Interrupts always ending up with most senior person
As startups grow into larger and larger companies, it’s not uncommon to see the more experienced engineers get buried in interrupts from people coming to them to do this or that or help debug something.
Part of this can be reduced by having a good spin-up and mentoring process.
Part of this can be addressed by ensuring engineers appreciate well written code with good test coverage greatly reduces how often other will come and ask them about it and hence creates freedom for them to grow to learn new things and/or experience upward mobility.

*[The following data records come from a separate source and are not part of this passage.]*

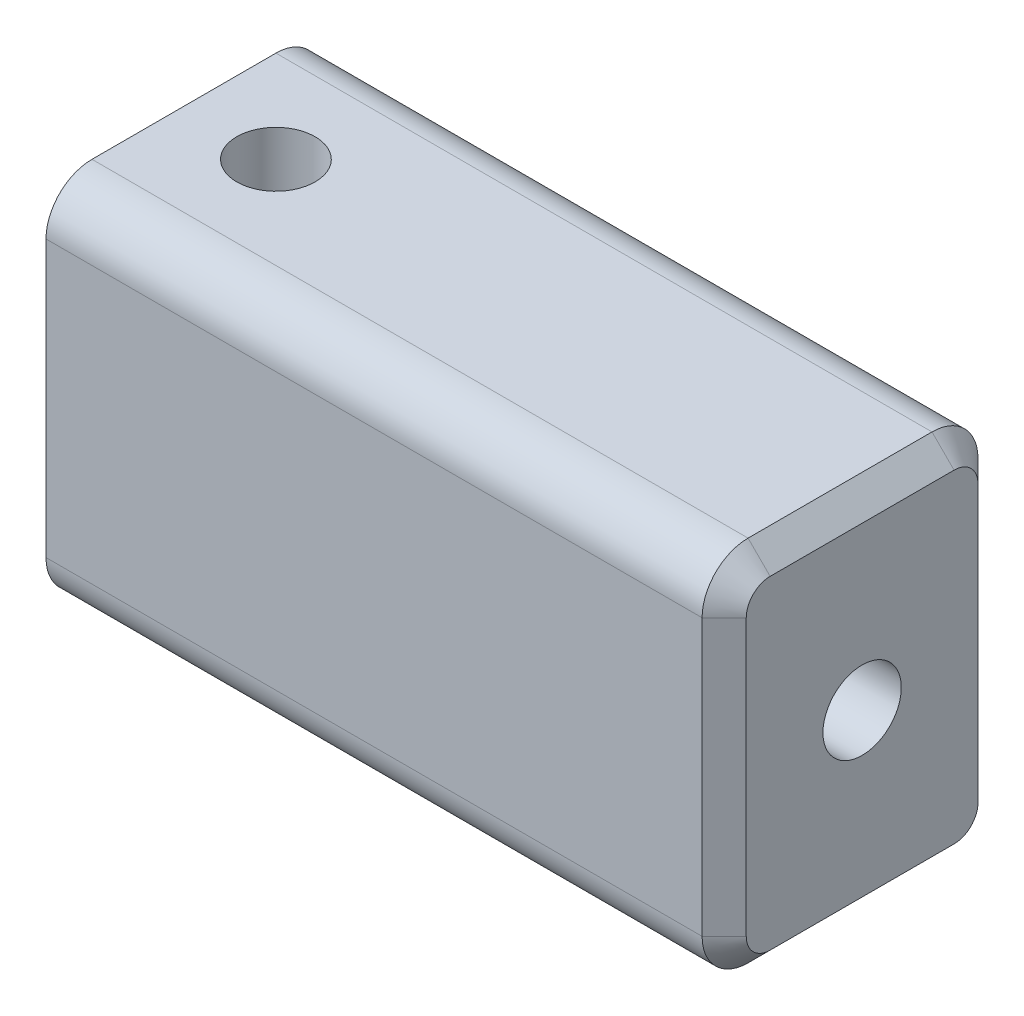
ISO-10303-21;
HEADER;
FILE_DESCRIPTION(('STEP AP214'),'2;1');
FILE_NAME('part.step','',(''),(''),'','','');
FILE_SCHEMA(('AUTOMOTIVE_DESIGN { 1 0 10303 214 1 1 1 1 }'));
ENDSEC;
DATA;
#1=APPLICATION_CONTEXT('core data for automotive mechanical design processes');
#2=APPLICATION_PROTOCOL_DEFINITION('international standard','automotive_design',2000,#1);
#3=PRODUCT_CONTEXT('',#1,'mechanical');
#4=PRODUCT('Part','Part','',(#3));
#5=PRODUCT_RELATED_PRODUCT_CATEGORY('part','',(#4));
#6=PRODUCT_DEFINITION_FORMATION('','',#4);
#7=PRODUCT_DEFINITION_CONTEXT('part definition',#1,'design');
#8=PRODUCT_DEFINITION('design','',#6,#7);
#9=PRODUCT_DEFINITION_SHAPE('','',#8);
#10=(LENGTH_UNIT() NAMED_UNIT(*) SI_UNIT(.MILLI.,.METRE.));
#11=(NAMED_UNIT(*) PLANE_ANGLE_UNIT() SI_UNIT($,.RADIAN.));
#12=(NAMED_UNIT(*) SI_UNIT($,.STERADIAN.) SOLID_ANGLE_UNIT());
#13=UNCERTAINTY_MEASURE_WITH_UNIT(LENGTH_MEASURE(1.E-05),#10,'distance_accuracy_value','');
#14=(GEOMETRIC_REPRESENTATION_CONTEXT(3) GLOBAL_UNCERTAINTY_ASSIGNED_CONTEXT((#13)) GLOBAL_UNIT_ASSIGNED_CONTEXT((#10,
#11,#12)) REPRESENTATION_CONTEXT('',''));
#15=CARTESIAN_POINT('',(0.,0.,0.));
#16=DIRECTION('',(0.,0.,1.));
#17=DIRECTION('',(1.,0.,0.));
#18=AXIS2_PLACEMENT_3D('',#15,#16,#17);
#19=CARTESIAN_POINT('',(39.28745,6.35,-4.7625));
#20=DIRECTION('',(0.,1.,0.));
#21=DIRECTION('',(0.,0.,1.));
#22=AXIS2_PLACEMENT_3D('',#19,#20,#21);
#23=PLANE('',#22);
#24=DIRECTION('',(-1.,0.,0.));
#25=VECTOR('',#24,1.);
#26=CARTESIAN_POINT('',(39.28745,6.35,3.175));
#27=LINE('',#26,#25);
#28=CARTESIAN_POINT('',(0.,6.35,3.175));
#29=VERTEX_POINT('',#28);
#30=CARTESIAN_POINT('',(22.65045,6.35,3.175));
#31=VERTEX_POINT('',#30);
#32=EDGE_CURVE('E518',#29,#31,#27,.F.);
#33=ORIENTED_EDGE('',*,*,#32,.T.);
#34=DIRECTION('',(0.,0.,-1.));
#35=VECTOR('',#34,1.);
#36=CARTESIAN_POINT('',(22.65045,6.35,-3.175));
#37=LINE('',#36,#35);
#38=CARTESIAN_POINT('',(22.65045,6.35,-3.175));
#39=VERTEX_POINT('',#38);
#40=EDGE_CURVE('E12',#31,#39,#37,.T.);
#41=ORIENTED_EDGE('',*,*,#40,.T.);
#42=DIRECTION('',(-1.,0.,0.));
#43=VECTOR('',#42,1.);
#44=CARTESIAN_POINT('',(39.28745,6.35,-3.175));
#45=LINE('',#44,#43);
#46=CARTESIAN_POINT('',(0.,6.35,-3.175));
#47=VERTEX_POINT('',#46);
#48=EDGE_CURVE('E520',#39,#47,#45,.T.);
#49=ORIENTED_EDGE('',*,*,#48,.T.);
#50=DIRECTION('',(0.,0.,-1.));
#51=VECTOR('',#50,1.);
#52=CARTESIAN_POINT('',(0.,6.35,-4.7625));
#53=LINE('',#52,#51);
#54=EDGE_CURVE('E497',#29,#47,#53,.T.);
#55=ORIENTED_EDGE('',*,*,#54,.F.);
#56=EDGE_LOOP('',(#33,#41,#49,#55));
#57=FACE_BOUND('',#56,.T.);
#58=CARTESIAN_POINT('',(3.175,6.35,0.));
#59=DIRECTION('',(0.,1.,0.));
#60=DIRECTION('',(0.,0.,1.));
#61=AXIS2_PLACEMENT_3D('',#58,#59,#60);
#62=CIRCLE('',#61,1.35255);
#63=CARTESIAN_POINT('',(3.175,6.35,1.35255));
#64=VERTEX_POINT('',#63);
#65=EDGE_CURVE('E468',#64,#64,#62,.T.);
#66=ORIENTED_EDGE('',*,*,#65,.F.);
#67=EDGE_LOOP('',(#66));
#68=FACE_BOUND('',#67,.T.);
#69=ADVANCED_FACE('F361',(#57,#68),#23,.T.);
#70=CARTESIAN_POINT('',(23.41345,0.,0.));
#71=DIRECTION('',(-1.,0.,0.));
#72=DIRECTION('',(0.,0.,1.));
#73=AXIS2_PLACEMENT_3D('',#70,#71,#72);
#74=CYLINDRICAL_SURFACE('',#73,1.35255);
#75=CARTESIAN_POINT('',(0.,0.,0.));
#76=DIRECTION('',(-1.,0.,0.));
#77=DIRECTION('',(0.,0.,1.));
#78=AXIS2_PLACEMENT_3D('',#75,#76,#77);
#79=CIRCLE('',#78,1.35255);
#80=CARTESIAN_POINT('',(0.,0.,1.35255));
#81=VERTEX_POINT('',#80);
#82=EDGE_CURVE('E482',#81,#81,#79,.T.);
#83=ORIENTED_EDGE('',*,*,#82,.T.);
#84=EDGE_LOOP('',(#83));
#85=FACE_BOUND('',#84,.T.);
#86=CARTESIAN_POINT('',(3.175,0.,0.));
#87=DIRECTION('',(-0.707106781186547,-0.707106781186547,0.));
#88=DIRECTION('',(0.707106781186547,-0.707106781186547,0.));
#89=AXIS2_PLACEMENT_3D('',#86,#87,#88);
#90=ELLIPSE('',#89,1.91279455378773,1.35255);
#91=CARTESIAN_POINT('',(3.175,0.,-1.35255));
#92=VERTEX_POINT('',#91);
#93=CARTESIAN_POINT('',(3.175,0.,1.35255));
#94=VERTEX_POINT('',#93);
#95=EDGE_CURVE('E457',#92,#94,#90,.F.);
#96=ORIENTED_EDGE('',*,*,#95,.T.);
#97=CARTESIAN_POINT('',(3.175,0.,0.));
#98=DIRECTION('',(-0.707106781186547,0.707106781186547,0.));
#99=DIRECTION('',(0.707106781186547,0.707106781186547,0.));
#100=AXIS2_PLACEMENT_3D('',#97,#98,#99);
#101=ELLIPSE('',#100,1.91279455378773,1.35255);
#102=EDGE_CURVE('E467',#92,#94,#101,.T.);
#103=ORIENTED_EDGE('',*,*,#102,.F.);
#104=EDGE_LOOP('',(#96,#103));
#105=FACE_BOUND('',#104,.T.);
#106=ADVANCED_FACE('F466',(#85,#105),#74,.F.);
#107=CARTESIAN_POINT('',(23.41245,0.,0.));
#108=DIRECTION('',(-1.,0.,0.));
#109=DIRECTION('',(0.,0.,1.));
#110=AXIS2_PLACEMENT_3D('',#107,#108,#109);
#111=CIRCLE('',#110,1.35255);
#112=CARTESIAN_POINT('',(23.41245,0.,1.35255));
#113=VERTEX_POINT('',#112);
#114=EDGE_CURVE('E485',#113,#113,#111,.F.);
#115=ORIENTED_EDGE('',*,*,#114,.T.);
#116=EDGE_LOOP('',(#115));
#117=FACE_BOUND('',#116,.T.);
#118=CARTESIAN_POINT('',(3.175,0.,0.));
#119=DIRECTION('',(0.707106781186547,-0.707106781186547,0.));
#120=DIRECTION('',(-0.707106781186547,-0.707106781186547,0.));
#121=AXIS2_PLACEMENT_3D('',#118,#119,#120);
#122=ELLIPSE('',#121,1.91279455378773,1.35255);
#123=EDGE_CURVE('E454',#94,#92,#122,.F.);
#124=ORIENTED_EDGE('',*,*,#123,.T.);
#125=CARTESIAN_POINT('',(3.175,0.,0.));
#126=DIRECTION('',(0.707106781186547,0.707106781186547,0.));
#127=DIRECTION('',(-0.707106781186547,0.707106781186547,0.));
#128=AXIS2_PLACEMENT_3D('',#125,#126,#127);
#129=ELLIPSE('',#128,1.91279455378773,1.35255);
#130=EDGE_CURVE('E472',#94,#92,#129,.T.);
#131=ORIENTED_EDGE('',*,*,#130,.F.);
#132=EDGE_LOOP('',(#124,#131));
#133=FACE_BOUND('',#132,.T.);
#134=ADVANCED_FACE('F475',(#117,#133),#74,.F.);
#135=CARTESIAN_POINT('',(0.,0.,0.));
#136=DIRECTION('',(1.,0.,0.));
#137=DIRECTION('',(0.,0.,-1.));
#138=AXIS2_PLACEMENT_3D('',#135,#136,#137);
#139=PLANE('',#138);
#140=ORIENTED_EDGE('',*,*,#82,.F.);
#141=EDGE_LOOP('',(#140));
#142=FACE_BOUND('',#141,.T.);
#143=DIRECTION('',(0.,-1.,0.));
#144=VECTOR('',#143,1.);
#145=CARTESIAN_POINT('',(0.,-6.35,-4.7625));
#146=LINE('',#145,#144);
#147=CARTESIAN_POINT('',(0.,4.7625,-4.7625));
#148=VERTEX_POINT('',#147);
#149=CARTESIAN_POINT('',(0.,-4.7625,-4.7625));
#150=VERTEX_POINT('',#149);
#151=EDGE_CURVE('E488',#148,#150,#146,.T.);
#152=ORIENTED_EDGE('',*,*,#151,.T.);
#153=CARTESIAN_POINT('',(0.,-4.7625,-3.175));
#154=DIRECTION('',(1.,0.,0.));
#155=DIRECTION('',(0.,0.,-1.));
#156=AXIS2_PLACEMENT_3D('',#153,#154,#155);
#157=CIRCLE('',#156,1.5875);
#158=CARTESIAN_POINT('',(0.,-6.35,-3.175));
#159=VERTEX_POINT('',#158);
#160=EDGE_CURVE('E511',#150,#159,#157,.F.);
#161=ORIENTED_EDGE('',*,*,#160,.T.);
#162=DIRECTION('',(0.,0.,1.));
#163=VECTOR('',#162,1.);
#164=CARTESIAN_POINT('',(0.,-6.35,-4.7625));
#165=LINE('',#164,#163);
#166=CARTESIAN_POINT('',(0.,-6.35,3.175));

However, there are also time where you’ll hear “Why should I give it to someone else to do? I can do it in an hour and it’ll take them two days, and since I know the system, I’ll do it better. Besides, it seems selfish to ask someone else to burn two days of their time for what would take me 30-60 minutes. Right?” At first blush, that might seem right, but it’s actually the wrong approach. By doing it yourself, you’re depriving the other engineer(s) from learning and getting better at it. The organization won’t scale and neither will you if you take that approach, and the new engineers will soon get demotivated if they are never trusted to do anything. Having help experienced engineers see things from this angle has repeatedly resulted seen their ability to work on new things increase and with it their motivation and engagement.
Every now and then, you’ll get a wise old engineer counter: :”Well, what if it’s a hot customer issue, what if the ‘house is on fire’?” They kind of have a point here given the above; however, even here, things can improve. Grabbing that new engineer to observe while they fight the fire (while also verbalizing what they do and why) can also help to bring up new folks to fire fighting. The next step is to have the new engineer be the one with the hands on the keyboard while the senior engineer instructs and potentially dictates. Hands-on-keyboard will still help with learning more than simply observing. The next progression is to stop dictating and start asking, “ok, what’s your next step?” and only helping out when they don’t right away know the answer. This process helps bring up to speed new engineers and helps existing engineers not get bogged down and demotivated…
Another thing that has proven helpful is to create a routine for the person on interrupt duty to check through various sources of interrupts at the start of each day with some sense of priority to plan their day and the sequence of attack.